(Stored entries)
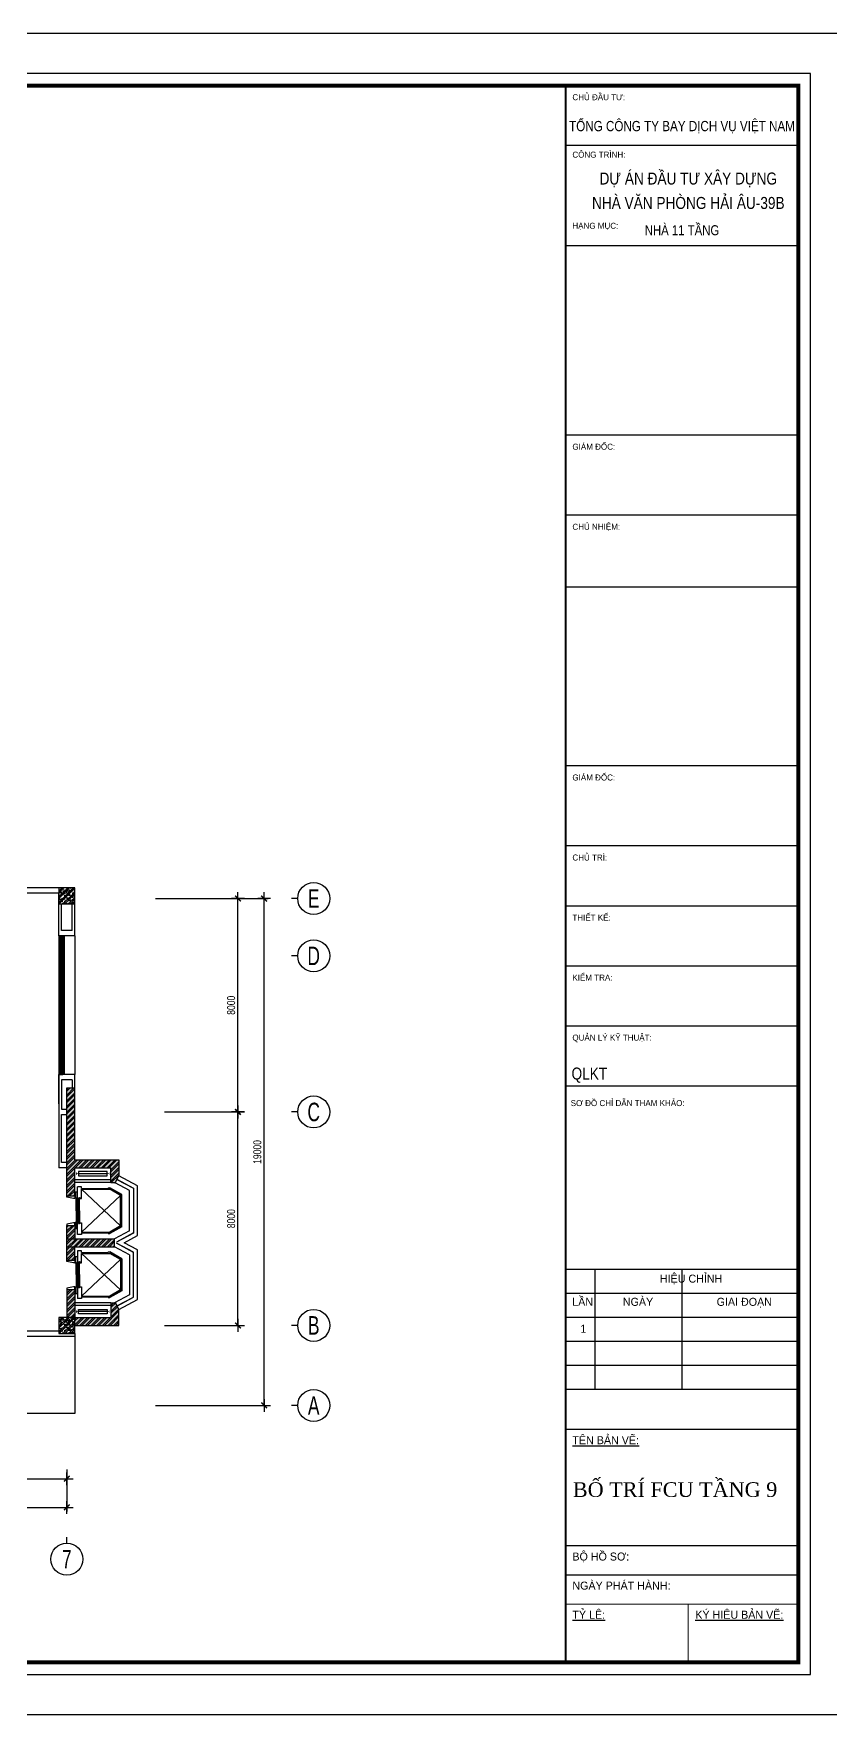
# Model space of a CAD drawing. Header units: metres. Extents: x 352651 to 1421851, y -87441 to -24441.
# Drawn here: x 1123938 to 1153801, y -87441 to -24441 of the extents above; entities that cross this region are included whole.
import ezdxf
from ezdxf.enums import TextEntityAlignment as Align

# ---------------------------------------------------------------- set-up
doc = ezdxf.new("R2010")
doc.units = ezdxf.units.M
doc.header["$LTSCALE"] = 300
doc.header["$MEASUREMENT"] = 0
doc.header["$PDMODE"] = 2
doc.linetypes.add('DASHED2', pattern=[0.375, 0.25, -0.125])
doc.layers.get('0').update_dxf_attribs({"linetype": 'CONTINUOUS'})
doc.layers.get('Defpoints').update_dxf_attribs({"linetype": 'CONTINUOUS'})
for name, color, linetype in [('0-TEXT', 7, 'CONTINUOUS'), ('0-THAY', 7, 'CONTINUOUS'), ('CUA', 8, 'CONTINUOUS'), ('DIM', 1, 'CONTINUOUS'), ('HATCH', 145, 'CONTINUOUS'), ('KT', 1, 'CONTINUOUS'), ('NOITHAT', 145, 'CONTINUOUS'), ('TEXT', 4, 'CONTINUOUS'), ('THAY', 9, 'CONTINUOUS'), ('TUONG', 7, 'CONTINUOUS'), ('vach', 6, 'CONTINUOUS')]:
    doc.layers.add(name, color=color, linetype=linetype)
doc.styles.add('CHUKICHTHUOC', font='vnshx.shx', dxfattribs={"width": 0.8, "height": 300, "bigfont": '@extfont2.shx'})
doc.styles.add('CHUTENTRUC', font='VnAvantH.TTF', dxfattribs={"width": 0.8})
doc.styles.add('ROMANS', font='romans.shx', dxfattribs={"width": 0.75, "bigfont": 'romancvn.shx'})
doc.styles.add('VnAvntH', font='VnAvantH.TTF', dxfattribs={"width": 0.85})
doc.dimstyles.new('150', dxfattribs={"dimscale": 150, "dimtxt": 2, "dimasz": 0.1, "dimexe": 1, "dimexo": 0, "dimgap": 0.7, "dimtad": 1, "dimdec": 0, "dimzin": 0, "dimdsep": 46, "dimtxsty": 'CHUKICHTHUOC', "dimblk": 'ARR', "dimcen": 0, "dimdle": 1, "dimclrd": 3, "dimclre": 3, "dimclrt": 3, "dimadec": 0, "dimazin": 0, "dimtfac": 1, "dimtdec": 0, "dimtix": 1, "dimtmove": 2, "dimatfit": 3, "dimldrblk": 'ARR', "dimfxl": 1, "dimtolj": 1, "dimtzin": 0, "dimarcsym": 0})

# ---------------------------------------------------------------- blocks, each defined once
blk = doc.blocks.new('ARR')
at = {"color": 1}
for p, q in [((-16, 0), (16, 0)), ((0, -16), (0, 16))]:
    blk.add_line(p, q, dxfattribs=at)
at = {"color": 3, "const_width": 3.6}
blk.add_lwpolyline([(-7.1, -7.1), (7.1, 7.1)], dxfattribs=at)
blk = doc.blocks.new('*D292')
at = {"layer": 'Defpoints', "color": 0, "transparency": 16777216}
for p in [(1119182, -78749), (1125182, -78609), (1125182, -78749)]:
    blk.add_point(p, dxfattribs=at)
at = {"layer": 'DIM', "color": 3, "lineweight": -2, "transparency": 16777216}
for p, q in [((1119182, -78749), (1119182, -78459)), ((1119197, -78609), (1125167, -78609)), ((1125182, -78749), (1125182, -78459))]:
    blk.add_line(p, q, dxfattribs=at)
at = {"layer": 'DIM', "color": 3, "lineweight": -2, "transparency": 16777216, "xscale": 15, "yscale": 15, "zscale": 15, "rotation": 180}
blk.add_blockref('ARR', (1119182, -78609), dxfattribs=at)
at = {"layer": 'DIM', "color": 3, "lineweight": -2, "transparency": 16777216, "xscale": 15, "yscale": 15, "zscale": 15}
blk.add_blockref('ARR', (1125182, -78609), dxfattribs=at)
at = {"layer": 'DIM', "color": 3, "transparency": 16777216, "insert": (1122182, -78354), "char_height": 300, "attachment_point": 5, "style": 'CHUKICHTHUOC'}
blk.add_mtext('\\A1;6000', dxfattribs=at)
blk = doc.blocks.new('*D293')
at = {"layer": 'Defpoints', "color": 0, "transparency": 16777216}
for p in [(1081182, -78265), (1125182, -78265), (1125182, -79683)]:
    blk.add_point(p, dxfattribs=at)
at = {"layer": 'DIM', "color": 3, "lineweight": -2, "transparency": 16777216}
for p, q in [((1081182, -78265), (1081182, -79833)), ((1125182, -78265), (1125182, -79833)), ((1081197, -79683), (1125167, -79683))]:
    blk.add_line(p, q, dxfattribs=at)
at = {"layer": 'DIM', "color": 3, "lineweight": -2, "transparency": 16777216, "xscale": 15, "yscale": 15, "zscale": 15, "rotation": 180}
blk.add_blockref('ARR', (1081182, -79683), dxfattribs=at)
at = {"layer": 'DIM', "color": 3, "lineweight": -2, "transparency": 16777216, "xscale": 15, "yscale": 15, "zscale": 15}
blk.add_blockref('ARR', (1125182, -79683), dxfattribs=at)
at = {"layer": 'DIM', "color": 3, "transparency": 16777216, "insert": (1103182, -79428), "char_height": 300, "attachment_point": 5, "style": 'CHUKICHTHUOC'}
blk.add_mtext('\\A1;44000', dxfattribs=at)
blk = doc.blocks.new('*D294')
at = {"layer": 'Defpoints', "color": 0, "transparency": 16777216}
for p in [(1128839, -64860), (1131597, -64860), (1128839, -72860)]:
    blk.add_point(p, dxfattribs=at)
at = {"layer": 'DIM', "color": 3, "lineweight": -2, "transparency": 16777216}
for p, q in [((1128839, -64860), (1131747, -64860)), ((1131597, -72845), (1131597, -64875)), ((1128839, -72860), (1131747, -72860))]:
    blk.add_line(p, q, dxfattribs=at)
at = {"layer": 'DIM', "color": 3, "lineweight": -2, "transparency": 16777216, "xscale": 15, "yscale": 15, "zscale": 15}
for p, rotation in [((1131597, -64860), 90), ((1131597, -72860), 270)]:
    blk.add_blockref('ARR', p, dxfattribs=dict(at, rotation=rotation))
at = {"layer": 'DIM', "color": 3, "transparency": 16777216, "insert": (1131342, -68860), "char_height": 300, "attachment_point": 5, "rotation": 90, "style": 'CHUKICHTHUOC'}
blk.add_mtext('\\A1;8000', dxfattribs=at)
blk = doc.blocks.new('*D295')
at = {"layer": 'Defpoints', "color": 0, "transparency": 16777216}
for p in [(1128839, -56860), (1131597, -56860), (1128839, -64860)]:
    blk.add_point(p, dxfattribs=at)
at = {"layer": 'DIM', "color": 3, "lineweight": -2, "transparency": 16777216}
for p, q in [((1128839, -56860), (1131747, -56860)), ((1131597, -64845), (1131597, -56875)), ((1128839, -64860), (1131747, -64860))]:
    blk.add_line(p, q, dxfattribs=at)
at = {"layer": 'DIM', "color": 3, "lineweight": -2, "transparency": 16777216, "xscale": 15, "yscale": 15, "zscale": 15}
for p, rotation in [((1131597, -56860), 90), ((1131597, -64860), 270)]:
    blk.add_blockref('ARR', p, dxfattribs=dict(at, rotation=rotation))
at = {"layer": 'DIM', "color": 3, "transparency": 16777216, "insert": (1131342, -60860), "char_height": 300, "attachment_point": 5, "rotation": 90, "style": 'CHUKICHTHUOC'}
blk.add_mtext('\\A1;8000', dxfattribs=at)
blk = doc.blocks.new('*D296')
at = {"layer": 'Defpoints', "color": 0, "transparency": 16777216}
for p in [(1128511, -56860), (1132578, -56860), (1128511, -75860)]:
    blk.add_point(p, dxfattribs=at)
at = {"layer": 'DIM', "color": 3, "lineweight": -2, "transparency": 16777216}
for p, q in [((1128511, -56860), (1132728, -56860)), ((1132578, -75845), (1132578, -56875)), ((1128511, -75860), (1132728, -75860))]:
    blk.add_line(p, q, dxfattribs=at)
at = {"layer": 'DIM', "color": 3, "lineweight": -2, "transparency": 16777216, "xscale": 15, "yscale": 15, "zscale": 15}
for p, rotation in [((1132578, -56860), 90), ((1132578, -75860), 270)]:
    blk.add_blockref('ARR', p, dxfattribs=dict(at, rotation=rotation))
at = {"layer": 'DIM', "color": 3, "transparency": 16777216, "insert": (1132323, -66360), "char_height": 300, "attachment_point": 5, "rotation": 90, "style": 'CHUKICHTHUOC'}
blk.add_mtext('\\A1;19000', dxfattribs=at)
blk = doc.blocks.new('thang may')
at = {"layer": 'DIM'}
for p, q in [((1110, 5383), (40, 5383)), ((42, 4478), (81, 4478)), ((1230, 4813), (1620, 4588)), ((1235, 4822), (1625, 4597)), ((1631, 4569), (1631, 3431)), ((1641, 4569), (1641, 3431)), ((42, 3522), (81, 3522)), ((1230, 3187), (1620, 3412)), ((1235, 3178), (1625, 3403)), ((42, 2078), (81, 2078)), ((1230, 2413), (1620, 2188)), ((1235, 2422), (1625, 2197)), ((1631, 1031), (1631, 2169)), ((1641, 1031), (1641, 2169)), ((42, 1122), (81, 1122)), ((1230, 787), (1620, 1012)), ((1235, 778), (1625, 1003)), ((1110, 217), (40, 217))]:
    blk.add_line(p, q, dxfattribs=at)
at = {"layer": 'DIM', "const_width": 20}
for points in [[(-40, 5333), (-40, 5433)], [(40, 5383), (-40, 5383)], [(1110, 5383), (1190, 5383)], [(1190, 5333), (1190, 5433)], [(-40, 267), (-40, 167)], [(40, 217), (-40, 217)], [(1110, 217), (1190, 217)], [(1190, 267), (1190, 167)]]:
    blk.add_lwpolyline(points, dxfattribs=at)
at = {"layer": 'THAY'}
for p, q in [((1250, 5150), (-100, 5150)), ((1250, 5050), (-100, 5050)), ((1950, 4750), (1408, 5040)), ((-400, 4500), (-400, 4550)), ((-150, 4450), (-400, 4500)), ((-100, 4450), (-150, 4450)), ((-100, 4550), (-100, 4450)), ((-80, 4700), (-7, 4700)), ((-80, 4450), (-80, 4700)), ((-54, 4450), (-80, 4450)), ((-63, 4478), (-63, 4461)), ((-63, 4478), (-46, 4478)), ((-54, 4470), (-54, 4450)), ((-46, 4000), (-46, 4478)), ((-7, 4000), (-7, 4700)), ((3, 4000), (3, 4890)), ((149, 4890), (3, 4890)), ((42, 4000), (42, 4478)), ((98, 4478), (81, 4478)), ((81, 4000), (81, 4478)), ((89, 4470), (89, 4450)), ((89, 4450), (149, 4450)), ((98, 4478), (98, 4461)), ((149, 4830), (149, 4890)), ((149, 4830), (1155, 4830)), ((149, 4450), (149, 4800)), ((149, 4800), (1609, 3431)), ((149, 4800), (1208, 4800)), ((1609, 4569), (149, 3200)), ((1155, 4860), (1155, 4830)), ((1155, 4860), (1212, 4860)), ((1609, 4569), (1208, 4800)), ((1663, 4600), (1212, 4860)), ((1219, 4794), (1246, 4841)), ((1609, 4569), (1636, 4616)), ((1609, 3431), (1609, 4569)), ((1609, 4569), (1663, 4569)), ((1663, 3400), (1663, 4600)), ((1950, 3250), (1950, 4750)), ((-46, 3998), (-46, 4000)), ((-34, 3998), (-46, 3998)), ((-30, 3988), (-46, 3988)), ((-46, 3988), (-46, 3547)), ((-33, 4000), (-34, 3998)), ((-24, 4012), (-33, 4000)), ((-21, 4000), (-30, 3988)), ((-8, 4012), (-24, 4012)), ((-20, 4002), (-21, 4000)), ((-8, 4002), (-20, 4002)), ((-8, 4025), (-8, 4012)), ((-8, 4000), (-8, 4002)), ((-8, 3975), (-8, 4000)), ((-8, 4000), (-7, 4000)), ((-7, 3325), (-7, 4000)), ((3, 3110), (3, 4000)), ((42, 3998), (42, 4000)), ((43, 4000), (42, 4000)), ((42, 3988), (42, 3522)), ((43, 4025), (43, 4012)), ((43, 4012), (59, 4012)), ((43, 4002), (55, 4002)), ((43, 4000), (43, 4002)), ((43, 3975), (43, 4000)), ((55, 4002), (56, 4000)), ((56, 4000), (65, 3988)), ((59, 4012), (67, 4000)), ((65, 3988), (81, 3988)), ((67, 4000), (69, 3998)), ((69, 3998), (81, 3998)), ((81, 3998), (81, 4000)), ((81, 3988), (81, 3522)), ((-150, 3550), (-400, 3500)), ((-400, 3500), (-400, 3450)), ((-100, 3550), (-150, 3550)), ((-100, 3450), (-100, 3550)), ((-80, 3575), (-80, 3325)), ((-54, 3575), (-80, 3575)), ((-7, 3325), (-80, 3325)), ((-63, 3547), (-63, 3564)), ((-46, 3547), (-63, 3547)), ((-54, 3555), (-54, 3575)), ((98, 3522), (81, 3522)), ((89, 3530), (89, 3550)), ((89, 3550), (149, 3550)), ((98, 3522), (98, 3539)), ((149, 3550), (149, 3200)), ((149, 3200), (1208, 3200)), ((149, 3170), (1155, 3170)), ((149, 3170), (149, 3110)), ((1155, 3140), (1155, 3170)), ((1609, 3431), (1208, 3200)), ((1663, 3400), (1212, 3140)), ((1219, 3206), (1246, 3159)), ((1950, 3250), (1390, 2950)), ((1609, 3431), (1663, 3431)), ((1609, 3431), (1636, 3384)), ((149, 3110), (3, 3110)), ((1155, 3140), (1212, 3140)), ((1950, 2350), (1390, 2650)), ((-400, 2100), (-400, 2150)), ((-150, 2050), (-400, 2100)), ((-100, 2050), (-150, 2050)), ((-100, 2150), (-100, 2050)), ((-80, 2025), (-80, 2275)), ((-7, 2275), (-80, 2275)), ((-54, 2025), (-80, 2025)), ((-46, 2053), (-63, 2053)), ((-63, 2053), (-63, 2036)), ((-54, 2045), (-54, 2025)), ((-46, 1612), (-46, 2053)), ((-7, 2275), (-7, 1600)), ((3, 2490), (3, 1600)), ((149, 2490), (3, 2490)), ((42, 1612), (42, 2078)), ((81, 1612), (81, 2078)), ((98, 2078), (81, 2078)), ((89, 2070), (89, 2050)), ((89, 2050), (149, 2050)), ((98, 2078), (98, 2061)), ((149, 2430), (149, 2490)), ((149, 2430), (1155, 2430)), ((149, 2400), (1208, 2400)), ((1609, 1031), (149, 2400)), ((149, 2050), (149, 2400)), ((149, 800), (1609, 2169)), ((1155, 2460), (1155, 2430)), ((1155, 2460), (1212, 2460)), ((1609, 2169), (1208, 2400)), ((1663, 2200), (1212, 2460)), ((1219, 2394), (1246, 2441)), ((1609, 2169), (1636, 2216)), ((1609, 2169), (1609, 1031)), ((1609, 2169), (1663, 2169)), ((1663, 2200), (1663, 1000)), ((1950, 2350), (1950, 850)), ((-30, 1612), (-46, 1612)), ((-34, 1602), (-46, 1602)), ((-46, 1602), (-46, 1600)), ((-46, 1600), (-46, 1122)), ((-33, 1600), (-34, 1602)), ((-24, 1588), (-33, 1600)), ((-21, 1600), (-30, 1612)), ((-8, 1588), (-24, 1588)), ((-20, 1598), (-21, 1600)), ((-8, 1598), (-20, 1598)), ((-8, 1625), (-8, 1600)), ((-8, 1600), (-8, 1598)), ((-8, 1600), (-7, 1600)), ((-8, 1575), (-8, 1588)), ((-7, 1600), (-7, 900)), ((3, 1600), (3, 710)), ((42, 1602), (42, 1600)), ((42, 1600), (42, 1122)), ((43, 1600), (42, 1600)), ((43, 1625), (43, 1600)), ((43, 1600), (43, 1598)), ((43, 1598), (55, 1598)), ((43, 1575), (43, 1588)), ((43, 1588), (59, 1588)), ((55, 1598), (56, 1600)), ((56, 1600), (65, 1612)), ((59, 1588), (67, 1600)), ((65, 1612), (81, 1612)), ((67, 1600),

Task statement:
Filter the preceding entries down to the lines with "VnAvantH".

Response for this exercise:
doc.styles.add('CHUTENTRUC', font='VnAvantH.TTF', dxfattribs={"width": 0.8})
doc.styles.add('VnAvntH', font='VnAvantH.TTF', dxfattribs={"width": 0.85})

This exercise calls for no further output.